Automated Quality Control

INCREASINGLY, MEDICAL IMAGING is being used to quantify the evolution and response to therapy of diseases because good imaging performance indicates that image quality should be sufficient to meet the clinical requirement for the examination to have a successful diagnostic process. 

 This quantification benefits from the use of multimodal images and advanced image processing such as linear and nonlinear registration, image segmentation, and classification methodologies. Example applications include quantification of lesions, and non-lesional pathology in multiple sclerosis (MS) and Alzheimer’s disease. 

Often, post-acquisition image-processing tools have been demonstrated to be robust when used on high quality images from a single scanner. However, the introduction of artifacts associated with patient motion and the increased variability associated with multiple scanners can significantly degrade the accuracy and precision of results obtained. 

The method most often used to avoid the dissemination of error along image analysis pipelines is the use of a visual quality control (QC) verification step.

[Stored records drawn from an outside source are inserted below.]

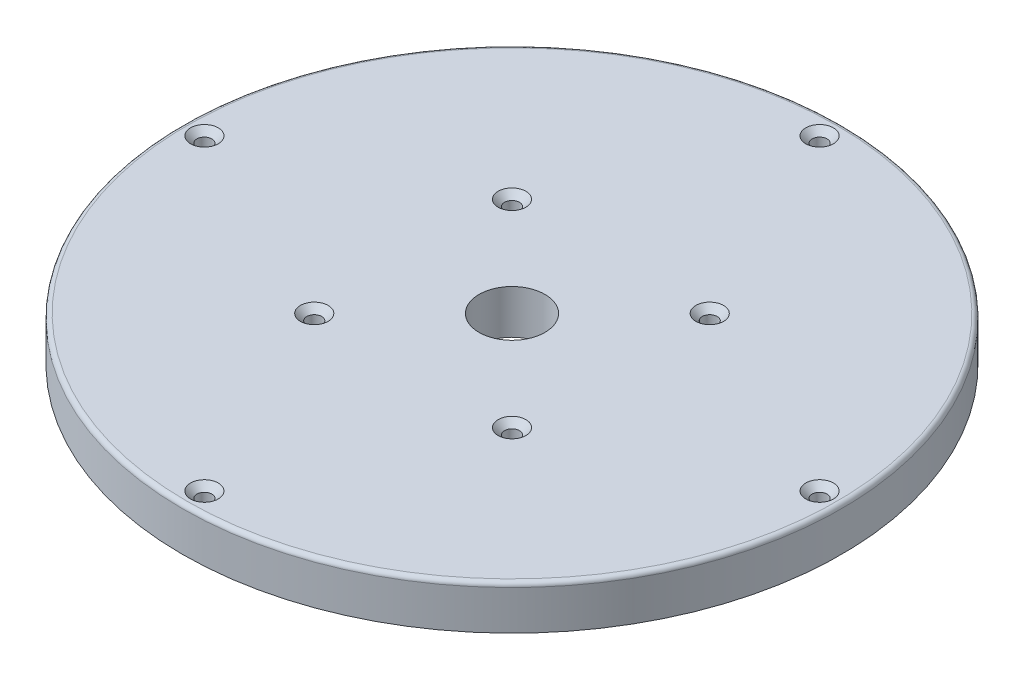
ISO-10303-21;
HEADER;
FILE_DESCRIPTION(('STEP AP214'),'2;1');
FILE_NAME('part.step','',(''),(''),'','','');
FILE_SCHEMA(('AUTOMOTIVE_DESIGN { 1 0 10303 214 1 1 1 1 }'));
ENDSEC;
DATA;
#1=APPLICATION_CONTEXT('core data for automotive mechanical design processes');
#2=APPLICATION_PROTOCOL_DEFINITION('international standard','automotive_design',2000,#1);
#3=PRODUCT_CONTEXT('',#1,'mechanical');
#4=PRODUCT('Part','Part','',(#3));
#5=PRODUCT_RELATED_PRODUCT_CATEGORY('part','',(#4));
#6=PRODUCT_DEFINITION_FORMATION('','',#4);
#7=PRODUCT_DEFINITION_CONTEXT('part definition',#1,'design');
#8=PRODUCT_DEFINITION('design','',#6,#7);
#9=PRODUCT_DEFINITION_SHAPE('','',#8);
#10=(LENGTH_UNIT() NAMED_UNIT(*) SI_UNIT(.MILLI.,.METRE.));
#11=(NAMED_UNIT(*) PLANE_ANGLE_UNIT() SI_UNIT($,.RADIAN.));
#12=(NAMED_UNIT(*) SI_UNIT($,.STERADIAN.) SOLID_ANGLE_UNIT());
#13=UNCERTAINTY_MEASURE_WITH_UNIT(LENGTH_MEASURE(1.E-05),#10,'distance_accuracy_value','');
#14=(GEOMETRIC_REPRESENTATION_CONTEXT(3) GLOBAL_UNCERTAINTY_ASSIGNED_CONTEXT((#13)) GLOBAL_UNIT_ASSIGNED_CONTEXT((#10,
#11,#12)) REPRESENTATION_CONTEXT('',''));
#15=CARTESIAN_POINT('',(0.,0.,0.));
#16=DIRECTION('',(0.,0.,1.));
#17=DIRECTION('',(1.,0.,0.));
#18=AXIS2_PLACEMENT_3D('',#15,#16,#17);
#19=CARTESIAN_POINT('',(0.,10.,0.));
#20=DIRECTION('',(0.,-1.,0.));
#21=DIRECTION('',(0.,0.,-1.));
#22=AXIS2_PLACEMENT_3D('',#19,#20,#21);
#23=CYLINDRICAL_SURFACE('',#22,75.);
#24=CARTESIAN_POINT('',(0.,9.,0.));
#25=DIRECTION('',(0.,1.,0.));
#26=DIRECTION('',(0.,0.,1.));
#27=AXIS2_PLACEMENT_3D('',#24,#25,#26);
#28=CIRCLE('',#27,75.);
#29=CARTESIAN_POINT('',(0.,9.,75.));
#30=VERTEX_POINT('',#29);
#31=EDGE_CURVE('E10',#30,#30,#28,.F.);
#32=ORIENTED_EDGE('',*,*,#31,.T.);
#33=EDGE_LOOP('',(#32));
#34=FACE_BOUND('',#33,.T.);
#35=CARTESIAN_POINT('',(0.,0.,0.));
#36=DIRECTION('',(0.,1.,0.));
#37=DIRECTION('',(0.,0.,1.));
#38=AXIS2_PLACEMENT_3D('',#35,#36,#37);
#39=CIRCLE('',#38,75.);
#40=CARTESIAN_POINT('',(0.,0.,75.));
#41=VERTEX_POINT('',#40);
#42=EDGE_CURVE('E45',#41,#41,#39,.T.);
#43=ORIENTED_EDGE('',*,*,#42,.T.);
#44=EDGE_LOOP('',(#43));
#45=FACE_BOUND('',#44,.T.);
#46=ADVANCED_FACE('F34',(#34,#45),#23,.T.);
#47=CARTESIAN_POINT('',(0.,10.,0.));
#48=DIRECTION('',(0.,1.,0.));
#49=DIRECTION('',(0.,0.,1.));
#50=AXIS2_PLACEMENT_3D('',#47,#48,#49);
#51=PLANE('',#50);
#52=CARTESIAN_POINT('',(0.,10.,0.));
#53=DIRECTION('',(0.,1.,0.));
#54=DIRECTION('',(0.,0.,1.));
#55=AXIS2_PLACEMENT_3D('',#52,#53,#54);
#56=CIRCLE('',#55,74.);
#57=CARTESIAN_POINT('',(0.,10.,74.));
#58=VERTEX_POINT('',#57);
#59=EDGE_CURVE('E41',#58,#58,#56,.T.);
#60=ORIENTED_EDGE('',*,*,#59,.T.);
#61=EDGE_LOOP('',(#60));
#62=FACE_BOUND('',#61,.T.);
#63=CARTESIAN_POINT('',(22.5,10.,-22.5));
#64=DIRECTION('',(0.,1.,0.));
#65=DIRECTION('',(0.,0.,1.));
#66=AXIS2_PLACEMENT_3D('',#63,#64,#65);
#67=CIRCLE('',#66,3.15);
#68=CARTESIAN_POINT('',(22.5,10.,-19.35));
#69=VERTEX_POINT('',#68);
#70=EDGE_CURVE('E126',#69,#69,#67,.T.);
#71=ORIENTED_EDGE('',*,*,#70,.F.);
#72=EDGE_LOOP('',(#71));
#73=FACE_BOUND('',#72,.T.);
#74=CARTESIAN_POINT('',(22.5,10.,22.5));
#75=DIRECTION('',(0.,1.,0.));
#76=DIRECTION('',(0.,0.,1.));
#77=AXIS2_PLACEMENT_3D('',#74,#75,#76);
#78=CIRCLE('',#77,3.15);
#79=CARTESIAN_POINT('',(22.5,10.,25.65));
#80=VERTEX_POINT('',#79);
#81=EDGE_CURVE('E117',#80,#80,#78,.T.);
#82=ORIENTED_EDGE('',*,*,#81,.F.);
#83=EDGE_LOOP('',(#82));
#84=FACE_BOUND('',#83,.T.);
#85=CARTESIAN_POINT('',(-22.5,10.,22.5));
#86=DIRECTION('',(0.,1.,0.));
#87=DIRECTION('',(0.,0.,1.));
#88=AXIS2_PLACEMENT_3D('',#85,#86,#87);
#89=CIRCLE('',#88,3.15);
#90=CARTESIAN_POINT('',(-22.5,10.,25.65));
#91=VERTEX_POINT('',#90);
#92=EDGE_CURVE('E108',#91,#91,#89,.T.);
#93=ORIENTED_EDGE('',*,*,#92,.F.);
#94=EDGE_LOOP('',(#93));
#95=FACE_BOUND('',#94,.T.);
#96=CARTESIAN_POINT('',(-22.5,10.,-22.5));
#97=DIRECTION('',(0.,1.,0.));
#98=DIRECTION('',(0.,0.,1.));
#99=AXIS2_PLACEMENT_3D('',#96,#97,#98);
#100=CIRCLE('',#99,3.15);
#101=CARTESIAN_POINT('',(-22.5,10.,-19.35));
#102=VERTEX_POINT('',#101);
#103=EDGE_CURVE('E99',#102,#102,#100,.T.);
#104=ORIENTED_EDGE('',*,*,#103,.F.);
#105=EDGE_LOOP('',(#104));
#106=FACE_BOUND('',#105,.T.);
#107=CARTESIAN_POINT('',(0.,10.,0.));
#108=DIRECTION('',(0.,1.,0.));
#109=DIRECTION('',(0.,0.,1.));
#110=AXIS2_PLACEMENT_3D('',#107,#108,#109);
#111=CIRCLE('',#110,7.5);
#112=CARTESIAN_POINT('',(0.,10.,7.5));
#113=VERTEX_POINT('',#112);
#114=EDGE_CURVE('E88',#113,#113,#111,.T.);
#115=ORIENTED_EDGE('',*,*,#114,.F.);
#116=EDGE_LOOP('',(#115));
#117=FACE_BOUND('',#116,.T.);
#118=CARTESIAN_POINT('',(70.,10.,-7.33211081157058E-13));
#119=DIRECTION('',(0.,1.,0.));
#120=DIRECTION('',(0.,0.,1.));
#121=AXIS2_PLACEMENT_3D('',#118,#119,#120);
#122=CIRCLE('',#121,3.15);
#123=CARTESIAN_POINT('',(70.,10.,3.14999999999927));
#124=VERTEX_POINT('',#123);
#125=EDGE_CURVE('E84',#124,#124,#122,.T.);
#126=ORIENTED_EDGE('',*,*,#125,.F.);
#127=EDGE_LOOP('',(#126));
#128=FACE_BOUND('',#127,.T.);
#129=CARTESIAN_POINT('',(0.,10.,70.));
#130=DIRECTION('',(0.,1.,0.));
#131=DIRECTION('',(0.,0.,1.));
#132=AXIS2_PLACEMENT_3D('',#129,#130,#131);
#133=CIRCLE('',#132,3.15);
#134=CARTESIAN_POINT('',(0.,10.,73.15));
#135=VERTEX_POINT('',#134);
#136=EDGE_CURVE('E75',#135,#135,#133,.T.);
#137=ORIENTED_EDGE('',*,*,#136,.F.);
#138=EDGE_LOOP('',(#137));
#139=FACE_BOUND('',#138,.T.);
#140=CARTESIAN_POINT('',(-70.,10.,2.44403693719019E-13));
#141=DIRECTION('',(0.,1.,0.));
#142=DIRECTION('',(0.,0.,1.));
#143=AXIS2_PLACEMENT_3D('',#140,#141,#142);
#144=CIRCLE('',#143,3.15);
#145=CARTESIAN_POINT('',(-70.,10.,3.15000000000024));
#146=VERTEX_POINT('',#145);
#147=EDGE_CURVE('E66',#146,#146,#144,.T.);
#148=ORIENTED_EDGE('',*,*,#147,.F.);
#149=EDGE_LOOP('',(#148));
#150=FACE_BOUND('',#149,.T.);
#151=CARTESIAN_POINT('',(0.,10.,-70.));
#152=DIRECTION('',(0.,1.,0.));
#153=DIRECTION('',(0.,0.,1.));
#154=AXIS2_PLACEMENT_3D('',#151,#152,#153);
#155=CIRCLE('',#154,3.15);
#156=CARTESIAN_POINT('',(0.,10.,-66.85));
#157=VERTEX_POINT('',#156);
#158=EDGE_CURVE('E57',#157,#157,#155,.T.);
#159=ORIENTED_EDGE('',*,*,#158,.F.);
#160=EDGE_LOOP('',(#159));
#161=FACE_BOUND('',#160,.T.);
#162=ADVANCED_FACE('F132',(#62,#73,#84,#95,#106,#117,#128,#139,#150,#161),#51,.T.);
#163=CARTESIAN_POINT('',(0.,0.,0.));
#164=DIRECTION('',(0.,1.,0.));
#165=DIRECTION('',(0.,0.,1.));
#166=AXIS2_PLACEMENT_3D('',#163,#164,#165);
#167=PLANE('',#166);
#168=CARTESIAN_POINT('',(22.5,0.,-22.5));
#169=DIRECTION('',(0.,1.,0.));
#170=DIRECTION('',(0.,0.,1.));
#171=AXIS2_PLACEMENT_3D('',#168,#169,#170);
#172=CIRCLE('',#171,1.69999999999999);
#173=CARTESIAN_POINT('',(22.5,0.,-20.8));
#174=VERTEX_POINT('',#173);
#175=EDGE_CURVE('E120',#174,#174,#172,.T.);
#176=ORIENTED_EDGE('',*,*,#175,.T.);
#177=EDGE_LOOP('',(#176));
#178=FACE_BOUND('',#177,.T.);
#179=CARTESIAN_POINT('',(22.5,0.,22.5));
#180=DIRECTION('',(0.,1.,0.));
#181=DIRECTION('',(0.,0.,1.));
#182=AXIS2_PLACEMENT_3D('',#179,#180,#181);
#183=CIRCLE('',#182,1.69999999999999);
#184=CARTESIAN_POINT('',(22.5,0.,24.2));
#185=VERTEX_POINT('',#184);
#186=EDGE_CURVE('E111',#185,#185,#183,.T.);
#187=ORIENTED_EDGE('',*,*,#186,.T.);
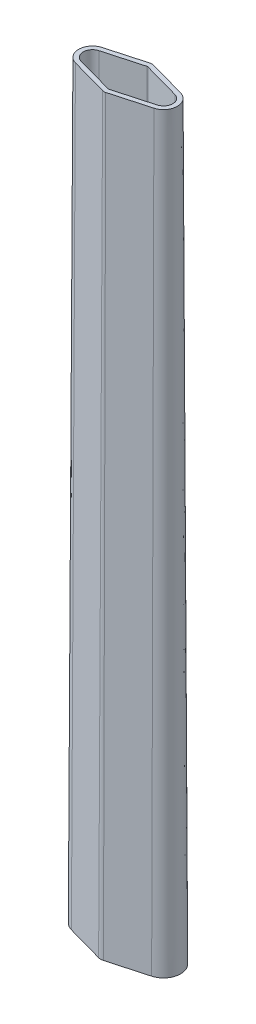
ISO-10303-21;
HEADER;
FILE_DESCRIPTION(('STEP AP214'),'2;1');
FILE_NAME('part.step','',(''),(''),'','','');
FILE_SCHEMA(('AUTOMOTIVE_DESIGN { 1 0 10303 214 1 1 1 1 }'));
ENDSEC;
DATA;
#1=APPLICATION_CONTEXT('core data for automotive mechanical design processes');
#2=APPLICATION_PROTOCOL_DEFINITION('international standard','automotive_design',2000,#1);
#3=PRODUCT_CONTEXT('',#1,'mechanical');
#4=PRODUCT('Part','Part','',(#3));
#5=PRODUCT_RELATED_PRODUCT_CATEGORY('part','',(#4));
#6=PRODUCT_DEFINITION_FORMATION('','',#4);
#7=PRODUCT_DEFINITION_CONTEXT('part definition',#1,'design');
#8=PRODUCT_DEFINITION('design','',#6,#7);
#9=PRODUCT_DEFINITION_SHAPE('','',#8);
#10=(LENGTH_UNIT() NAMED_UNIT(*) SI_UNIT(.MILLI.,.METRE.));
#11=(NAMED_UNIT(*) PLANE_ANGLE_UNIT() SI_UNIT($,.RADIAN.));
#12=(NAMED_UNIT(*) SI_UNIT($,.STERADIAN.) SOLID_ANGLE_UNIT());
#13=UNCERTAINTY_MEASURE_WITH_UNIT(LENGTH_MEASURE(1.E-05),#10,'distance_accuracy_value','');
#14=(GEOMETRIC_REPRESENTATION_CONTEXT(3) GLOBAL_UNCERTAINTY_ASSIGNED_CONTEXT((#13)) GLOBAL_UNIT_ASSIGNED_CONTEXT((#10,
#11,#12)) REPRESENTATION_CONTEXT('',''));
#15=CARTESIAN_POINT('',(0.,0.,0.));
#16=DIRECTION('',(0.,0.,1.));
#17=DIRECTION('',(1.,0.,0.));
#18=AXIS2_PLACEMENT_3D('',#15,#16,#17);
#19=CARTESIAN_POINT('',(11.85,0.,0.));
#20=DIRECTION('',(0.,-1.,0.));
#21=DIRECTION('',(0.,0.,1.));
#22=AXIS2_PLACEMENT_3D('',#19,#20,#21);
#23=CONICAL_SURFACE('',#22,5.7,0.00436332312998583);
#24=CARTESIAN_POINT('',(11.85,0.,0.));
#25=DIRECTION('',(0.,1.,0.));
#26=DIRECTION('',(0.,0.,1.));
#27=AXIS2_PLACEMENT_3D('',#24,#25,#26);
#28=CIRCLE('',#27,5.7);
#29=CARTESIAN_POINT('',(13.3780440472757,0.,5.49136425577335));
#30=VERTEX_POINT('',#29);
#31=CARTESIAN_POINT('',(13.3780440472757,0.,-5.49136425577335));
#32=VERTEX_POINT('',#31);
#33=EDGE_CURVE('E230',#30,#32,#28,.T.);
#34=ORIENTED_EDGE('',*,*,#33,.T.);
#35=DIRECTION('',(0.00116970680332982,-0.999990480720734,-0.00420360011283182));
#36=VECTOR('',#35,1.);
#37=CARTESIAN_POINT('',(13.3780440472757,0.,-5.49136425577335));
#38=LINE('',#37,#36);
#39=CARTESIAN_POINT('',(13.0856145627254,250.,-4.44045422365932));
#40=VERTEX_POINT('',#39);
#41=EDGE_CURVE('E11',#40,#32,#38,.T.);
#42=ORIENTED_EDGE('',*,*,#41,.F.);
#43=CARTESIAN_POINT('',(11.85,250.,0.));
#44=DIRECTION('',(0.,1.,0.));
#45=DIRECTION('',(0.,0.,1.));
#46=AXIS2_PLACEMENT_3D('',#43,#44,#45);
#47=CIRCLE('',#46,4.60916229482461);
#48=CARTESIAN_POINT('',(13.0856145627254,250.,4.44045422365932));
#49=VERTEX_POINT('',#48);
#50=EDGE_CURVE('E254',#49,#40,#47,.T.);
#51=ORIENTED_EDGE('',*,*,#50,.F.);
#52=DIRECTION('',(0.00116970680332982,-0.999990480720734,0.00420360011283182));
#53=VECTOR('',#52,1.);
#54=CARTESIAN_POINT('',(13.3780440472757,0.,5.49136425577335));
#55=LINE('',#54,#53);
#56=EDGE_CURVE('E256',#49,#30,#55,.T.);
#57=ORIENTED_EDGE('',*,*,#56,.T.);
#58=EDGE_LOOP('',(#34,#42,#51,#57));
#59=FACE_BOUND('',#58,.T.);
#60=ADVANCED_FACE('F43',(#59),#23,.T.);
#61=CARTESIAN_POINT('',(0.804233709092491,0.,-8.99019171356492));
#62=DIRECTION('',(0.268075351122407,0.00436330928474658,-0.963388067007623));
#63=DIRECTION('',(-0.963397237854974,0.,-0.26807790303083));
#64=AXIS2_PLACEMENT_3D('',#61,#62,#63);
#65=PLANE('',#64);
#66=DIRECTION('',(-0.963397237854974,0.,-0.26807790303083));
#67=VECTOR('',#66,1.);
#68=CARTESIAN_POINT('',(0.804233709092491,0.,-8.99019171356492));
#69=LINE('',#68,#67);
#70=CARTESIAN_POINT('',(0.804233709092491,0.,-8.99019171356492));
#71=VERTEX_POINT('',#70);
#72=EDGE_CURVE('E234',#32,#71,#69,.T.);
#73=ORIENTED_EDGE('',*,*,#72,.T.);
#74=DIRECTION('',(0.00116970680332981,-0.999990480720734,-0.00420360011283182));
#75=VECTOR('',#74,1.);
#76=CARTESIAN_POINT('',(0.80423370909249,0.,-8.99019171356492));
#77=LINE('',#76,#75);
#78=CARTESIAN_POINT('',(0.511804224542108,250.,-7.93928168145089));
#79=VERTEX_POINT('',#78);
#80=EDGE_CURVE('E53',#79,#71,#77,.T.);
#81=ORIENTED_EDGE('',*,*,#80,.F.);
#82=DIRECTION('',(0.963397237854974,0.,0.26807790303083));
#83=VECTOR('',#82,1.);
#84=CARTESIAN_POINT('',(0.511804224542108,250.,-7.93928168145089));
#85=LINE('',#84,#83);
#86=EDGE_CURVE('E286',#40,#79,#85,.F.);
#87=ORIENTED_EDGE('',*,*,#86,.F.);
#88=ORIENTED_EDGE('',*,*,#41,.T.);
#89=EDGE_LOOP('',(#73,#81,#87,#88));
#90=FACE_BOUND('',#89,.T.);
#91=ADVANCED_FACE('F45',(#90),#65,.T.);
#92=CARTESIAN_POINT('',(0.,0.,-6.1));
#93=DIRECTION('',(0.,-1.,0.));
#94=DIRECTION('',(0.,0.,1.));
#95=AXIS2_PLACEMENT_3D('',#92,#93,#94);
#96=CONICAL_SURFACE('',#95,3.,0.00436332312998583);
#97=CARTESIAN_POINT('',(0.,0.,-6.1));
#98=DIRECTION('',(0.,1.,0.));
#99=DIRECTION('',(0.,0.,1.));
#100=AXIS2_PLACEMENT_3D('',#97,#98,#99);
#101=CIRCLE('',#100,3.);
#102=CARTESIAN_POINT('',(-0.804233709092491,0.,-8.99019171356492));
#103=VERTEX_POINT('',#102);
#104=EDGE_CURVE('E237',#71,#103,#101,.T.);
#105=ORIENTED_EDGE('',*,*,#104,.T.);
#106=DIRECTION('',(-0.00116970680332982,-0.999990480720734,-0.00420360011283182));
#107=VECTOR('',#106,1.);
#108=CARTESIAN_POINT('',(-0.804233709092488,0.,-8.99019171356493));
#109=LINE('',#108,#107);
#110=CARTESIAN_POINT('',(-0.511804224542105,250.,-7.93928168145089));
#111=VERTEX_POINT('',#110);
#112=EDGE_CURVE('E276',#111,#103,#109,.T.);
#113=ORIENTED_EDGE('',*,*,#112,.F.);
#114=CARTESIAN_POINT('',(0.,250.,-6.1));
#115=DIRECTION('',(0.,1.,0.));
#116=DIRECTION('',(0.,0.,1.));
#117=AXIS2_PLACEMENT_3D('',#114,#115,#116);
#118=CIRCLE('',#117,1.90916229482461);
#119=EDGE_CURVE('E289',#79,#111,#118,.T.);
#120=ORIENTED_EDGE('',*,*,#119,.F.);
#121=ORIENTED_EDGE('',*,*,#80,.T.);
#122=EDGE_LOOP('',(#105,#113,#120,#121));
#123=FACE_BOUND('',#122,.T.);
#124=ADVANCED_FACE('F323',(#123),#96,.T.);
#125=CARTESIAN_POINT('',(-13.3780440472757,0.,-5.49136425577335));
#126=DIRECTION('',(-0.268075351122407,0.00436330928474658,-0.963388067007623));
#127=DIRECTION('',(-0.963397237854974,0.,0.26807790303083));
#128=AXIS2_PLACEMENT_3D('',#125,#126,#127);
#129=PLANE('',#128);
#130=DIRECTION('',(-0.963397237854974,0.,0.26807790303083));
#131=VECTOR('',#130,1.);
#132=CARTESIAN_POINT('',(-13.3780440472757,0.,-5.49136425577335));
#133=LINE('',#132,#131);
#134=CARTESIAN_POINT('',(-13.3780440472757,0.,-5.49136425577335));
#135=VERTEX_POINT('',#134);
#136=EDGE_CURVE('E240',#103,#135,#133,.T.);
#137=ORIENTED_EDGE('',*,*,#136,.T.);
#138=DIRECTION('',(-0.00116970680332981,-0.999990480720734,-0.00420360011283182));
#139=VECTOR('',#138,1.);
#140=CARTESIAN_POINT('',(-13.3780440472757,0.,-5.49136425577335));
#141=LINE('',#140,#139);
#142=CARTESIAN_POINT('',(-13.0856145627253,250.,-4.44045422365932));
#143=VERTEX_POINT('',#142);
#144=EDGE_CURVE('E272',#143,#135,#141,.T.);
#145=ORIENTED_EDGE('',*,*,#144,.F.);
#146=DIRECTION('',(0.963397237854974,0.,-0.26807790303083));
#147=VECTOR('',#146,1.);
#148=CARTESIAN_POINT('',(-13.0856145627253,250.,-4.44045422365932));
#149=LINE('',#148,#147);
#150=EDGE_CURVE('E292',#111,#143,#149,.F.);
#151=ORIENTED_EDGE('',*,*,#150,.F.);
#152=ORIENTED_EDGE('',*,*,#112,.T.);
#153=EDGE_LOOP('',(#137,#145,#151,#152));
#154=FACE_BOUND('',#153,.T.);
#155=ADVANCED_FACE('F327',(#154),#129,.T.);
#156=CARTESIAN_POINT('',(-11.85,0.,0.));
#157=DIRECTION('',(0.,-1.,0.));
#158=DIRECTION('',(0.,0.,-1.));
#159=AXIS2_PLACEMENT_3D('',#156,#157,#158);
#160=CONICAL_SURFACE('',#159,5.7,0.00436332312998583);
#161=CARTESIAN_POINT('',(-11.85,0.,0.));
#162=DIRECTION('',(0.,1.,0.));
#163=DIRECTION('',(0.,0.,-1.));
#164=AXIS2_PLACEMENT_3D('',#161,#162,#163);
#165=CIRCLE('',#164,5.7);
#166=CARTESIAN_POINT('',(-13.3780440472757,0.,5.49136425577335));
#167=VERTEX_POINT('',#166);
#168=EDGE_CURVE('E243',#135,#167,#165,.T.);
#169=ORIENTED_EDGE('',*,*,#168,.T.);
#170=DIRECTION('',(-0.00116970680332981,-0.999990480720734,0.00420360011283182));
#171=VECTOR('',#170,1.);
#172=CARTESIAN_POINT('',(-13.3780440472757,0.,5.49136425577335));
#173=LINE('',#172,#171);
#174=CARTESIAN_POINT('',(-13.0856145627253,250.,4.44045422365932));
#175=VERTEX_POINT('',#174);
#176=EDGE_CURVE('E268',#175,#167,#173,.T.);
#177=ORIENTED_EDGE('',*,*,#176,.F.);
#178=CARTESIAN_POINT('',(-11.85,250.,0.));
#179=DIRECTION('',(0.,1.,0.));
#180=DIRECTION('',(0.,0.,1.));
#181=AXIS2_PLACEMENT_3D('',#178,#179,#180);
#182=CIRCLE('',#181,4.60916229482461);
#183=EDGE_CURVE('E295',#143,#175,#182,.T.);
#184=ORIENTED_EDGE('',*,*,#183,.F.);
#185=ORIENTED_EDGE('',*,*,#144,.T.);
#186=EDGE_LOOP('',(#169,#177,#184,#185));
#187=FACE_BOUND('',#186,.T.);
#188=ADVANCED_FACE('F332',(#187),#160,.T.);
#189=CARTESIAN_POINT('',(-0.804233709092491,0.,8.99019171356492));
#190=DIRECTION('',(-0.268075351122406,0.00436330928474658,0.963388067007623));
#191=DIRECTION('',(0.963397237854974,0.,0.26807790303083));
#192=AXIS2_PLACEMENT_3D('',#189,#190,#191);
#193=PLANE('',#192);
#194=DIRECTION('',(0.963397237854974,0.,0.26807790303083));
#195=VECTOR('',#194,1.);
#196=CARTESIAN_POINT('',(-0.804233709092491,0.,8.99019171356492));
#197=LINE('',#196,#195);
#198=CARTESIAN_POINT('',(-0.80423370909249,0.,8.99019171356492));
#199=VERTEX_POINT('',#198);
#200=EDGE_CURVE('E246',#167,#199,#197,.T.);
#201=ORIENTED_EDGE('',*,*,#200,.T.);
#202=DIRECTION('',(-0.00116970680332981,-0.999990480720734,0.00420360011283182));
#203=VECTOR('',#202,1.);
#204=CARTESIAN_POINT('',(-0.804233709092489,0.,8.99019171356492));
#205=LINE('',#204,#203);
#206=CARTESIAN_POINT('',(-0.511804224542107,250.,7.93928168145089));
#207=VERTEX_POINT('',#206);
#208=EDGE_CURVE('E264',#207,#199,#205,.T.);
#209=ORIENTED_EDGE('',*,*,#208,.F.);
#210=DIRECTION('',(-0.963397237854974,0.,-0.26807790303083));
#211=VECTOR('',#210,1.);
#212=CARTESIAN_POINT('',(-0.511804224542108,250.,7.93928168145089));
#213=LINE('',#212,#211);
#214=EDGE_CURVE('E298',#175,#207,#213,.F.);
#215=ORIENTED_EDGE('',*,*,#214,.F.);
#216=ORIENTED_EDGE('',*,*,#176,.T.);
#217=EDGE_LOOP('',(#201,#209,#215,#216));
#218=FACE_BOUND('',#217,.T.);
#219=ADVANCED_FACE('F336',(#218),#193,.T.);
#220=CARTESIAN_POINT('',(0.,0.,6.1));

This step is performed manually by experts. The downstream image assessment thus becomes susceptible to intra- and inter-evaluator variability, as well as human error related to the failure to identify deviations from approved sequence parameters. In addition, this approach rarely provides quantitative outputs for tracking or comparative analyses. ¹



The most important parts of an AQC for CT include: 

  • Patient Identity Verification
  • Positioning Verification 
  • CT Parameters Verification ( Slice thickness, CTDI) 
  • CT number Verification
  • SNR Verification
  • Uniformity and plane distance accuracy 
  • Contrast (spatial) resolution Verification 

The most important parts of an AQC for MRI include: 

  • l.Patient Identity Verification
  • MRI Parameters Verification
  • SNR Verification
  • Ghosting (SGR) Verification
  • IV Enhancement Verification 
IQBMI developed dedicated software for checking the quality of fMRI data. This feature is able to evaluate quality of images in terms of SNR, SFNR, SGR, Spike, motions, and other artifacts. Flagging the studies with poor image quality automatically is essential for an accurate diagnosis and IQBMI aim is adding this feature for bringing this advantage to you to ensure minimal errors in reporting procedure.